→ **ASSIGNED TASK**: The exact lines of the listing, from its first through the line that contains "#12=(NAMED_UNIT(*) SI_UNIT($,.STERADIAN.) SOLID_ANGLE_UNIT());", are to make up the answer, and pictures are to be left out.
────────────────
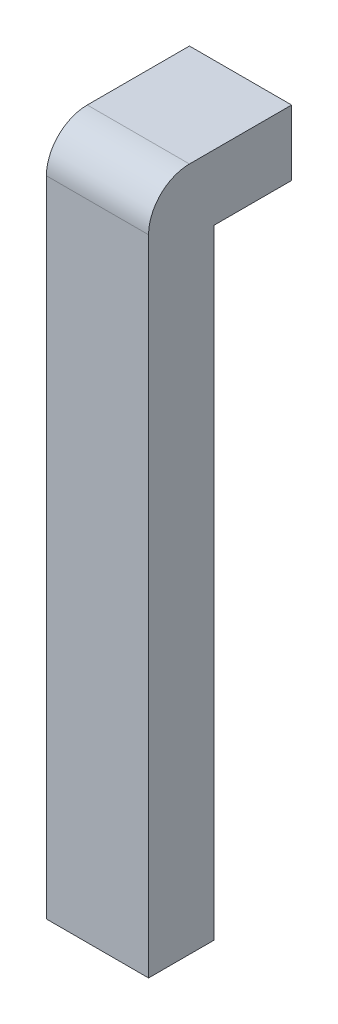
ISO-10303-21;
HEADER;
FILE_DESCRIPTION(('STEP AP214'),'2;1');
FILE_NAME('part.step','',(''),(''),'','','');
FILE_SCHEMA(('AUTOMOTIVE_DESIGN { 1 0 10303 214 1 1 1 1 }'));
ENDSEC;
DATA;
#1=APPLICATION_CONTEXT('core data for automotive mechanical design processes');
#2=APPLICATION_PROTOCOL_DEFINITION('international standard','automotive_design',2000,#1);
#3=PRODUCT_CONTEXT('',#1,'mechanical');
#4=PRODUCT('Part','Part','',(#3));
#5=PRODUCT_RELATED_PRODUCT_CATEGORY('part','',(#4));
#6=PRODUCT_DEFINITION_FORMATION('','',#4);
#7=PRODUCT_DEFINITION_CONTEXT('part definition',#1,'design');
#8=PRODUCT_DEFINITION('design','',#6,#7);
#9=PRODUCT_DEFINITION_SHAPE('','',#8);
#10=(LENGTH_UNIT() NAMED_UNIT(*) SI_UNIT(.MILLI.,.METRE.));
#11=(NAMED_UNIT(*) PLANE_ANGLE_UNIT() SI_UNIT($,.RADIAN.));
#12=(NAMED_UNIT(*) SI_UNIT($,.STERADIAN.) SOLID_ANGLE_UNIT());
#13=UNCERTAINTY_MEASURE_WITH_UNIT(LENGTH_MEASURE(1.E-05),#10,'distance_accuracy_value','');
#14=(GEOMETRIC_REPRESENTATION_CONTEXT(3) GLOBAL_UNCERTAINTY_ASSIGNED_CONTEXT((#13)) GLOBAL_UNIT_ASSIGNED_CONTEXT((#10,
#11,#12)) REPRESENTATION_CONTEXT('',''));
#15=CARTESIAN_POINT('',(0.,0.,0.));
#16=DIRECTION('',(0.,0.,1.));
#17=DIRECTION('',(1.,0.,0.));
#18=AXIS2_PLACEMENT_3D('',#15,#16,#17);
#19=CARTESIAN_POINT('',(0.,35.,50.));
#20=DIRECTION('',(-1.,0.,0.));
#21=DIRECTION('',(0.,0.,1.));
#22=AXIS2_PLACEMENT_3D('',#19,#20,#21);
#23=CYLINDRICAL_SURFACE('',#22,20.);
#24=DIRECTION('',(-1.,0.,0.));
#25=VECTOR('',#24,1.);
#26=CARTESIAN_POINT('',(0.,35.,70.));
#27=LINE('',#26,#25);
#28=CARTESIAN_POINT('',(50.,35.,70.));
#29=VERTEX_POINT('',#28);
#30=CARTESIAN_POINT('',(0.,35.,70.));
#31=VERTEX_POINT('',#30);
#32=EDGE_CURVE('E277',#29,#31,#27,.T.);
#33=ORIENTED_EDGE('',*,*,#32,.F.);
#34=CARTESIAN_POINT('',(50.,35.,50.));
#35=DIRECTION('',(-1.,0.,0.));
#36=DIRECTION('',(0.,0.,1.));
#37=AXIS2_PLACEMENT_3D('',#34,#35,#36);
#38=CIRCLE('',#37,20.);
#39=CARTESIAN_POINT('',(50.,55.,50.));
#40=VERTEX_POINT('',#39);
#41=EDGE_CURVE('E48',#40,#29,#38,.F.);
#42=ORIENTED_EDGE('',*,*,#41,.F.);
#43=DIRECTION('',(-1.,0.,0.));
#44=VECTOR('',#43,1.);
#45=CARTESIAN_POINT('',(0.,55.,50.));
#46=LINE('',#45,#44);
#47=CARTESIAN_POINT('',(0.,55.,50.));
#48=VERTEX_POINT('',#47);
#49=EDGE_CURVE('E281',#48,#40,#46,.F.);
#50=ORIENTED_EDGE('',*,*,#49,.F.);
#51=CARTESIAN_POINT('',(0.,35.,50.));
#52=DIRECTION('',(1.,0.,0.));
#53=DIRECTION('',(0.,0.,-1.));
#54=AXIS2_PLACEMENT_3D('',#51,#52,#53);
#55=CIRCLE('',#54,20.);
#56=EDGE_CURVE('E11',#31,#48,#55,.F.);
#57=ORIENTED_EDGE('',*,*,#56,.F.);
#58=EDGE_LOOP('',(#33,#42,#50,#57));
#59=FACE_BOUND('',#58,.T.);
#60=ADVANCED_FACE('F39',(#59),#23,.T.);
#61=CARTESIAN_POINT('',(0.,0.,38.));
#62=DIRECTION('',(0.,0.,-1.));
#63=DIRECTION('',(-1.,0.,0.));
#64=AXIS2_PLACEMENT_3D('',#61,#62,#63);
#65=PLANE('',#64);
#66=DIRECTION('',(0.,-1.,0.));
#67=VECTOR('',#66,1.);
#68=CARTESIAN_POINT('',(37.7,47.,38.));
#69=LINE('',#68,#67);
#70=CARTESIAN_POINT('',(37.7,28.,38.));
#71=VERTEX_POINT('',#70);
#72=CARTESIAN_POINT('',(37.7,23.,38.));
#73=VERTEX_POINT('',#72);
#74=EDGE_CURVE('E244',#71,#73,#69,.T.);
#75=ORIENTED_EDGE('',*,*,#74,.T.);
#76=DIRECTION('',(-1.,0.,0.));
#77=VECTOR('',#76,1.);
#78=CARTESIAN_POINT('',(50.,23.,38.));
#79=LINE('',#78,#77);
#80=CARTESIAN_POINT('',(50.,23.,38.));
#81=VERTEX_POINT('',#80);
#82=EDGE_CURVE('E190',#81,#73,#79,.T.);
#83=ORIENTED_EDGE('',*,*,#82,.F.);
#84=DIRECTION('',(0.,-1.,0.));
#85=VECTOR('',#84,1.);
#86=CARTESIAN_POINT('',(50.,25.,38.));
#87=LINE('',#86,#85);
#88=CARTESIAN_POINT('',(50.,-280.,38.));
#89=VERTEX_POINT('',#88);
#90=EDGE_CURVE('E144',#81,#89,#87,.T.);
#91=ORIENTED_EDGE('',*,*,#90,.T.);
#92=DIRECTION('',(1.,0.,0.));
#93=VECTOR('',#92,1.);
#94=CARTESIAN_POINT('',(0.,-280.,38.));
#95=LINE('',#94,#93);
#96=CARTESIAN_POINT('',(0.,-280.,38.));
#97=VERTEX_POINT('',#96);
#98=EDGE_CURVE('E147',#97,#89,#95,.T.);
#99=ORIENTED_EDGE('',*,*,#98,.F.);
#100=DIRECTION('',(0.,1.,0.));
#101=VECTOR('',#100,1.);
#102=CARTESIAN_POINT('',(0.,25.,38.));
#103=LINE('',#102,#101);
#104=CARTESIAN_POINT('',(0.,23.,38.));
#105=VERTEX_POINT('',#104);
#106=EDGE_CURVE('E133',#97,#105,#103,.T.);
#107=ORIENTED_EDGE('',*,*,#106,.T.);
#108=DIRECTION('',(-1.,0.,0.));
#109=VECTOR('',#108,1.);
#110=CARTESIAN_POINT('',(12.2,23.,38.));
#111=LINE('',#110,#109);
#112=CARTESIAN_POINT('',(12.2,23.,38.));
#113=VERTEX_POINT('',#112);
#114=EDGE_CURVE('E178',#113,#105,#111,.T.);
#115=ORIENTED_EDGE('',*,*,#114,.F.);
#116=DIRECTION('',(0.,-1.,0.));
#117=VECTOR('',#116,1.);
#118=CARTESIAN_POINT('',(12.2,47.,38.));
#119=LINE('',#118,#117);
#120=CARTESIAN_POINT('',(12.2,28.,38.));
#121=VERTEX_POINT('',#120);
#122=EDGE_CURVE('E241',#121,#113,#119,.T.);
#123=ORIENTED_EDGE('',*,*,#122,.F.);
#124=DIRECTION('',(-1.,0.,0.));
#125=VECTOR('',#124,1.);
#126=CARTESIAN_POINT('',(12.2,28.,38.));
#127=LINE('',#126,#125);
#128=EDGE_CURVE('E215',#71,#121,#127,.T.);
#129=ORIENTED_EDGE('',*,*,#128,.F.);
#130=EDGE_LOOP('',(#75,#83,#91,#99,#107,#115,#123,#129));
#131=FACE_BOUND('',#130,.T.);
#132=ADVANCED_FACE('F148',(#131),#65,.T.);
#133=CARTESIAN_POINT('',(12.2,47.,2.));
#134=DIRECTION('',(-1.,0.,0.));
#135=DIRECTION('',(0.,0.,1.));
#136=AXIS2_PLACEMENT_3D('',#133,#134,#135);
#137=PLANE('',#136);
#138=DIRECTION('',(0.,1.,0.));
#139=VECTOR('',#138,1.);
#140=CARTESIAN_POINT('',(12.2,28.,37.));
#141=LINE('',#140,#139);
#142=CARTESIAN_POINT('',(12.2,28.,37.));
#143=VERTEX_POINT('',#142);
#144=CARTESIAN_POINT('',(12.2,47.,37.));
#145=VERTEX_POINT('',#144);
────────────────
→ **ANSWER TO THIS TASK**:
ISO-10303-21;
HEADER;
FILE_DESCRIPTION(('STEP AP214'),'2;1');
FILE_NAME('part.step','',(''),(''),'','','');
FILE_SCHEMA(('AUTOMOTIVE_DESIGN { 1 0 10303 214 1 1 1 1 }'));
ENDSEC;
DATA;
#1=APPLICATION_CONTEXT('core data for automotive mechanical design processes');
#2=APPLICATION_PROTOCOL_DEFINITION('international standard','automotive_design',2000,#1);
#3=PRODUCT_CONTEXT('',#1,'mechanical');
#4=PRODUCT('Part','Part','',(#3));
#5=PRODUCT_RELATED_PRODUCT_CATEGORY('part','',(#4));
#6=PRODUCT_DEFINITION_FORMATION('','',#4);
#7=PRODUCT_DEFINITION_CONTEXT('part definition',#1,'design');
#8=PRODUCT_DEFINITION('design','',#6,#7);
#9=PRODUCT_DEFINITION_SHAPE('','',#8);
#10=(LENGTH_UNIT() NAMED_UNIT(*) SI_UNIT(.MILLI.,.METRE.));
#11=(NAMED_UNIT(*) PLANE_ANGLE_UNIT() SI_UNIT($,.RADIAN.));
#12=(NAMED_UNIT(*) SI_UNIT($,.STERADIAN.) SOLID_ANGLE_UNIT());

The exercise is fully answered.